Our model is now trained and ready to predict the class of the flowers. Lets now take the test features and predict their labels using our classifier.

In [8]:
y_pred = classifier.predict(X_test)
y_pred

array([1, 3, 3, 2, 1, 3, 1, 2, 3, 3, 2, 1, 2, 1, 3, 2, 2, 1, 1, 3, 3, 2,
       1, 2, 1, 2, 3, 1, 1, 1], dtype=int64)

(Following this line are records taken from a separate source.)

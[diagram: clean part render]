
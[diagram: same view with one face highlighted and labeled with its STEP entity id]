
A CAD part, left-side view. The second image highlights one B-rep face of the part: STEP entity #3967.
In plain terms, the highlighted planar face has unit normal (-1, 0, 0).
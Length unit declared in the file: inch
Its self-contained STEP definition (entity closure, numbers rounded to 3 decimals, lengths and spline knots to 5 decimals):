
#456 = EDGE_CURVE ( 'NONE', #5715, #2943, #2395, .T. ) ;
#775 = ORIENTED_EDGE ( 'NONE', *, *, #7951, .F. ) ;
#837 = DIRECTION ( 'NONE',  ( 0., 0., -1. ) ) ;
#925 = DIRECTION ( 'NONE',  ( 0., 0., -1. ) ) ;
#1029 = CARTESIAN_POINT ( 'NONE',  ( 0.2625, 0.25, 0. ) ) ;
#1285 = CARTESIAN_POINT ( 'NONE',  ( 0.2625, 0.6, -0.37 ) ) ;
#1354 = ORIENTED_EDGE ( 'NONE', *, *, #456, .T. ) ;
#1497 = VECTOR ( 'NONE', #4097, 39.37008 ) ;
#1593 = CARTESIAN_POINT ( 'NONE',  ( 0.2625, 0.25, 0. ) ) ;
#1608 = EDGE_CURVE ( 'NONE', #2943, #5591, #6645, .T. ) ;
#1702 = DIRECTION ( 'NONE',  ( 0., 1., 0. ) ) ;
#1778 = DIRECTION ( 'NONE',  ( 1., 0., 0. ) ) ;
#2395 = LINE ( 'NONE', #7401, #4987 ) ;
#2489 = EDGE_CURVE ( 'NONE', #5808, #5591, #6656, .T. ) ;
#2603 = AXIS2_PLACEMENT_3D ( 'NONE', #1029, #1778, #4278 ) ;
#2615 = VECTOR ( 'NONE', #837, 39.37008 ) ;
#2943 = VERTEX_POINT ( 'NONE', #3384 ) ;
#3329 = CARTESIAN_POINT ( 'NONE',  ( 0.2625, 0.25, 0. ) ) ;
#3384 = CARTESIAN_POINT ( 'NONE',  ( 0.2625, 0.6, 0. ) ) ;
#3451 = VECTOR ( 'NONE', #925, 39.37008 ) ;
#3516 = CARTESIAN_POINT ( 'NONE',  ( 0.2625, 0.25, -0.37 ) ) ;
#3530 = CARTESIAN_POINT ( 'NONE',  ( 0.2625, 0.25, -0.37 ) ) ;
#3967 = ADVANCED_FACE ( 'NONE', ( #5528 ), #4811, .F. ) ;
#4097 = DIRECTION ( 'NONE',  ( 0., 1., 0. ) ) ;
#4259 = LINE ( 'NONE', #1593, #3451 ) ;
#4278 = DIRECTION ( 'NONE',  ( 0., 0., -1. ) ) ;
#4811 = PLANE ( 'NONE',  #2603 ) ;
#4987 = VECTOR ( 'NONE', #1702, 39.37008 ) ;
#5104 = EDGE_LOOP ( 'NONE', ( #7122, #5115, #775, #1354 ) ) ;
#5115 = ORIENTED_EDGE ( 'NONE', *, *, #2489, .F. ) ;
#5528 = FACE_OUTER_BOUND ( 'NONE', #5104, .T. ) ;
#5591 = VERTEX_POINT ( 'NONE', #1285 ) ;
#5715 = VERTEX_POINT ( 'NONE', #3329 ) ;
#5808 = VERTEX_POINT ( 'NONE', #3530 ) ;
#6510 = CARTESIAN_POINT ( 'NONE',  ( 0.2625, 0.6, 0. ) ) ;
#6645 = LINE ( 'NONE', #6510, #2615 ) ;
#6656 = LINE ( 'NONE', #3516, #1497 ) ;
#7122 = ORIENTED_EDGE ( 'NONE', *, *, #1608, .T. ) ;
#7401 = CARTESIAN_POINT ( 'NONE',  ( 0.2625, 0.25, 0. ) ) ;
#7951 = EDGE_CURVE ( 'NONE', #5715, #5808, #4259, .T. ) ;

To evaluate how well our model did, we will the classifiers score fuction.

In [9]:
print(classifier.score(X_train,y_train))

1.0


The decision tree gives an accuracy of 96%. Now lets try and implement another supervised machine learning algorithm. K-Nearest Neighbours. We will use the same training and testing data for this processs.  

**K-Nearest Neighbours**

In [10]:
from sklearn.neighbors import KNeighborsClassifier  
classifier = KNeighborsClassifier(n_neighbors=10)  
classifier.fit(X_train, y_train)  

KNeighborsClassifier(algorithm='auto', leaf_size=30, metric='minkowski',
           metric_params=None, n_jobs=None, n_neighbors=10, p=2,
           weights='uniform')

In [11]:
y_pred = classifier.predict(X_test)

In [12]:
print(classifier.score(X_train,y_train))

0.9583333333333334


For K-nearest neighbours we get an accuracy of 93%. Now, let go ahead and try Linear Regression. 

**Linear Regression**

In [14]:
from sklearn.linear_model import LinearRegression 
Classifier = LinearRegression()
Classifier.fit(X_train,y_train)

LinearRegression(copy_X=True, fit_intercept=True, n_jobs=None,
         normalize=False)

In [15]:
y_pred = Classifier.predict(X_test)

In [16]:
print(Classifier.score(X_train,y_train))

0.9257159309857883


<h1><center>**Observations**</center></h1>

| Algorithm | Accuracy | 
| --- | --- | 
| Decision Trees | 96 |
| K-nearest Neighbours | 93 |
| Linear Regression | 92 |

To conclude, the Decision Trees gave the best accuracy for the task of flower prediction among the models we tried. We can use this notebook as a baseline and work further on more complex problems in Data science.